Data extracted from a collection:
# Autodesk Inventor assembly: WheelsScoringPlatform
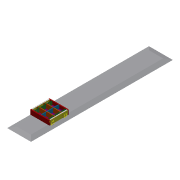
[picture p0: Inventor's stored thumbnail of the model, 180x180]
Saved by Autodesk Inventor 2015 (Build 190159000, 159)
## iProperties
Created: 2015-01-10
Part Number: WheelsScoringPlatform
Document SubType Name: Assembly
Designer: Peter
Author: Peter
## Documents named in this file (4)
- T:\FILES\2015 First Team 1719 CAD Team\2015 Sketches\Strafing the Scoring Platform\WheelsScoringPlatform.iam
- T:\FILES\2015 First Team 1719 CAD Team\2015 Sketches\Strafing the Scoring Platform\Scoring Platform - Lofted Solid Part.ipt
- T:\FILES\2015 First Team 1719 CAD Team\2015 Robot\Chassis, Wheels, and Drive Train\Mechanum Wheel\Chassis - Wheel.iam
- T:\FILES\2015 First Team 1719 CAD Team\2015 Robot\Chassis, Wheels, and Drive Train\Chassis\Full chassis-3.iam
## Components (6 placed, 3 different names)
1. Scoring Platform - Lofted Solid Part:2 — Flush:1, Mate:9
2. Chassis - Wheel:1 [sub-assembly] — Mate:1, Mate:2
3. Chassis - Wheel:2 [sub-assembly] — Mate:7, Mate:8
4. Chassis - Wheel:3 [sub-assembly] — Mate:5, Mate:6
5. Chassis - Wheel:4 [sub-assembly] — Mate:3, Mate:4
6. Full chassis-3:1 [sub-assembly] — Mate:1, Mate:2, Mate:3, Mate:4, Mate:5, Mate:6, Mate:7, Mate:8, Flush:1, Mate:9
## Relationships (10: Mate 9, Flush 1)
- Mate:1: Chassis - Wheel:1 ↔ Full chassis-3:1
- Mate:2 (3.175 mm): Chassis - Wheel:1 ↔ Full chassis-3:1
- Mate:3 (3.175 mm): Chassis - Wheel:4 ↔ Full chassis-3:1
- Mate:4: Chassis - Wheel:4 ↔ Full chassis-3:1
- Mate:5 (3.175 mm): Chassis - Wheel:3 ↔ Full chassis-3:1
- Mate:6: Chassis - Wheel:3 ↔ Full chassis-3:1
- Mate:7: Chassis - Wheel:2 ↔ Full chassis-3:1
- Mate:8: Chassis - Wheel:2 ↔ Full chassis-3:1
- Flush:1: Scoring Platform - Lofted Solid Part:2 ↔ Full chassis-3:1
- Mate:9 (41.148 mm): Scoring Platform - Lofted Solid Part:2 ↔ Full chassis-3:1
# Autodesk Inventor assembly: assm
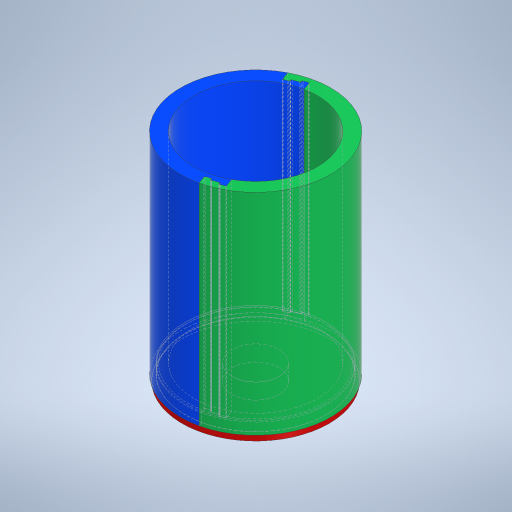
[picture p0: Inventor's stored thumbnail of the model, 512x512]
Saved by Autodesk Inventor 2024 (Build 280153000, 153)
## iProperties
Created: 2023-10-17
Part Number: assm
Document SubType Name: Assembly
Designer: Pokemba2
Author: Pokemba2
## Documents named in this file (4)
- C:\Users\Pokemba2\Desktop\NAKUJA\mould 4.0\assm.iam
- C:\Users\Pokemba2\Desktop\NAKUJA\mould 4.0\base.ipt
- C:\Users\Pokemba2\Desktop\NAKUJA\mould 4.0\cyl inner.ipt
- C:\Users\Pokemba2\Desktop\NAKUJA\mould 4.0\cyl outer.ipt
## Components (3 placed, 3 different names)
1. base:1 — Mate:3, Mate:4
2. cyl inner:1 — Flush:1, Mate:1, Mate:2
3. cyl outer:1 — Flush:1, Mate:1, Mate:2, Mate:3, Mate:4
## Relationships (5: Mate 4, Flush 1)
- Flush:1: cyl inner:1 ↔ cyl outer:1
- Mate:1: cyl inner:1 ↔ cyl outer:1
- Mate:2: cyl inner:1 ↔ cyl outer:1
- Mate:3: base:1 ↔ cyl outer:1
- Mate:4: base:1 ↔ cyl outer:1
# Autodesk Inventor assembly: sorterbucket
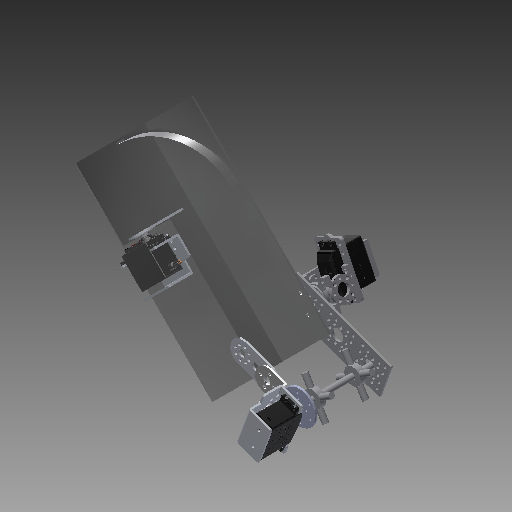
[picture p0: Inventor's stored thumbnail of the model, 512x512]
Saved by Autodesk Inventor 2019 (Build 230136000, 136)
## iProperties
Created: 2018-12-06
Part Number: sorterbucket
Document SubType Name: Assembly
Designer: User
Author: User
## Documents named in this file (13)
- D:\robotics\CAD\2018-19_CAD\Collection\sorterbucket.iam
- D:\robotics\CAD\2018-19_CAD\Collection\Sorter.ipt
- D:\robotics\CAD\COTSParts\Rev\REV-41-1097SmartServo.ipt
- D:\robotics\CAD\COTSParts\Actobotics\585 parts\585580FlatTriplePatternBracket.ipt
- D:\robotics\CAD\COTSParts\Tetrix\39274_txm-flat64mmx27mm.ipt
- D:\robotics\CAD\COTSParts\Tetrix\Tetrix bracket - angle.ipt
- D:\robotics\CAD\COTSParts\Tetrix\Tetrix servo 180.ipt
- D:\robotics\CAD\COTSParts\Tetrix\39060_txm-standard servo bracket.ipt
- D:\robotics\CAD\COTSParts\Actobotics\634 parts\634078.25inDShaft3.5inLong.ipt
- D:\robotics\CAD\COTSParts\Rev\REV-41-1363ServoHorn.ipt
- D:\robotics\CAD\2018-19_CAD\Collection\SweeperHub.ipt
- D:\robotics\CAD\2018-19_CAD\smart servo with servo block.iam
- D:\robotics\CAD\2018-19_CAD\Collection\bucket holder plate.ipt
## Components (15 placed, 12 different names)
1. Sorter:1 — Mate:1, Mate:6, Mate:27, Mate:28, Flush:4, Mate:40, Mate:41, Angle:5
2. 585580FlatTriplePatternBracket:1 — Mate:1, Mate:13, Angle:2, Mate:23, Mate:24, Angle:5, Mate:43
3. 39274_txm-flat64mmx27mm:1 — Mate:4, Mate:5, Flush:1, Mate:6, Angle:2
4. Tetrix bracket - angle:1 — Mate:4, Mate:5, Flush:1, Mate:7, Mate:37
5. 39060_txm-standard servo bracket:1 — Mate:7, Mate:14, Mate:15, Mate:16, Mate:37
6. 634078.25inDShaft3.5inLong:1 — Mate:13, Mate:19, Mate:20, Mate:21, Mate:22, Angle:4, Mate:40, Mate:41
7. REV-41-1097SmartServo:1 — Mate:14, Mate:15, Mate:16, Mate:17, Mate:18
8. REV-41-1363ServoHorn:1 — Mate:17, Mate:18, Mate:19, Mate:20, Mate:44
9. SweeperHub:1 — Mate:22, Flush:2, Mate:44
10. SweeperHub:2 — Mate:21, Flush:2, Angle:4, Mate:43
11. smart servo with servo block:1 [sub-assembly] — Mate:23, Mate:24, Mate:42, Flush:9, Flush:10
12. Tetrix servo 180:1 — Mate:27, Mate:29, Mate:30, Angle:3, Mate:33, Mate:34
13. 39060_txm-standard servo bracket:2 — Mate:28, Mate:29, Mate:30, Angle:3, Flush:4
14. 39274_txm-flat64mmx27mm:2 — Mate:33, Mate:34
15. bucket holder plate:1 — Mate:42, Flush:9, Flush:10
## Relationships (38: Mate 29, Flush 5, Angle 4)
- Mate:1: Sorter:1 ↔ 585580FlatTriplePatternBracket:1
- Mate:4: 39274_txm-flat64mmx27mm:1 ↔ Tetrix bracket - angle:1
- Mate:5: 39274_txm-flat64mmx27mm:1 ↔ Tetrix bracket - angle:1
- Flush:1: 39274_txm-flat64mmx27mm:1 ↔ Tetrix bracket - angle:1
- Mate:6: Sorter:1 ↔ 39274_txm-flat64mmx27mm:1
- Mate:7: Tetrix bracket - angle:1 ↔ 39060_txm-standard servo bracket:1
- Mate:13: 585580FlatTriplePatternBracket:1 ↔ 634078.25inDShaft3.5inLong:1
- Mate:14: 39060_txm-standard servo bracket:1 ↔ REV-41-1097SmartServo:1
- Mate:15: 39060_txm-standard servo bracket:1 ↔ REV-41-1097SmartServo:1
- Mate:16: 39060_txm-standard servo bracket:1 ↔ REV-41-1097SmartServo:1
- Mate:17: REV-41-1097SmartServo:1 ↔ REV-41-1363ServoHorn:1
- Mate:18: REV-41-1097SmartServo:1 ↔ REV-41-1363ServoHorn:1
- Mate:19: 634078.25inDShaft3.5inLong:1 ↔ REV-41-1363ServoHorn:1
- Angle:2 (0 deg): 585580FlatTriplePatternBracket:1 ↔ 39274_txm-flat64mmx27mm:1
- Mate:20: 634078.25inDShaft3.5inLong:1 ↔ REV-41-1363ServoHorn:1
- Mate:21: 634078.25inDShaft3.5inLong:1 ↔ SweeperHub:2
- Mate:22: 634078.25inDShaft3.5inLong:1 ↔ SweeperHub:1
- Flush:2: SweeperHub:1 ↔ SweeperHub:2
- Mate:23: 585580FlatTriplePatternBracket:1 ↔ smart servo with servo block:1
- Mate:24: 585580FlatTriplePatternBracket:1 ↔ smart servo with servo block:1
- Mate:27: Sorter:1 ↔ Tetrix servo 180:1
- Mate:28: Sorter:1 ↔ 39060_txm-standard servo bracket:2
- Mate:29: Tetrix servo 180:1 ↔ 39060_txm-standard servo bracket:2
- Mate:30: Tetrix servo 180:1 ↔ 39060_txm-standard servo bracket:2
- Angle:3 (0 deg): Tetrix servo 180:1 ↔ 39060_txm-standard servo bracket:2
- Flush:4: Sorter:1 ↔ 39060_txm-standard servo bracket:2
- Mate:33: Tetrix servo 180:1 ↔ 39274_txm-flat64mmx27mm:2
- Mate:34: Tetrix servo 180:1 ↔ 39274_txm-flat64mmx27mm:2
- Angle:4 (0 deg): 634078.25inDShaft3.5inLong:1 ↔ SweeperHub:2
- Mate:37: Tetrix bracket - angle:1 ↔ 39060_txm-standard servo bracket:1
- Mate:40 (97.79 mm): Sorter:1 ↔ 634078.25inDShaft3.5inLong:1
- Mate:41 (38.1 mm): Sorter:1 ↔ 634078.25inDShaft3.5inLong:1
- Angle:5 (-25 deg): Sorter:1 ↔ 585580FlatTriplePatternBracket:1
- Mate:42: smart servo with servo block:1 ↔ bucket holder plate:1
- Flush:9: smart servo with servo block:1 ↔ bucket holder plate:1
- Flush:10: smart servo with servo block:1 ↔ bucket holder plate:1
- Mate:43 (12.7 mm): 585580FlatTriplePatternBracket:1 ↔ SweeperHub:2
- Mate:44 (12.7 mm): REV-41-1363ServoHorn:1 ↔ SweeperHub:1

#### What you have to do:
From the entries above, extract only the lines running from the one containing "Author: User" through the one containing "2. 585580FlatTriplePatternBracket:1 —", inclusive.

#### Exercise response:
Author: User
## Documents named in this file (13)
- D:\robotics\CAD\2018-19_CAD\Collection\sorterbucket.iam
- D:\robotics\CAD\2018-19_CAD\Collection\Sorter.ipt
- D:\robotics\CAD\COTSParts\Rev\REV-41-1097SmartServo.ipt
- D:\robotics\CAD\COTSParts\Actobotics\585 parts\585580FlatTriplePatternBracket.ipt
- D:\robotics\CAD\COTSParts\Tetrix\39274_txm-flat64mmx27mm.ipt
- D:\robotics\CAD\COTSParts\Tetrix\Tetrix bracket - angle.ipt
- D:\robotics\CAD\COTSParts\Tetrix\Tetrix servo 180.ipt
- D:\robotics\CAD\COTSParts\Tetrix\39060_txm-standard servo bracket.ipt
- D:\robotics\CAD\COTSParts\Actobotics\634 parts\634078.25inDShaft3.5inLong.ipt
- D:\robotics\CAD\COTSParts\Rev\REV-41-1363ServoHorn.ipt
- D:\robotics\CAD\2018-19_CAD\Collection\SweeperHub.ipt
- D:\robotics\CAD\2018-19_CAD\smart servo with servo block.iam
- D:\robotics\CAD\2018-19_CAD\Collection\bucket holder plate.ipt
## Components (15 placed, 12 different names)
1. Sorter:1 — Mate:1, Mate:6, Mate:27, Mate:28, Flush:4, Mate:40, Mate:41, Angle:5
2. 585580FlatTriplePatternBracket:1 — Mate:1, Mate:13, Angle:2, Mate:23, Mate:24, Angle:5, Mate:43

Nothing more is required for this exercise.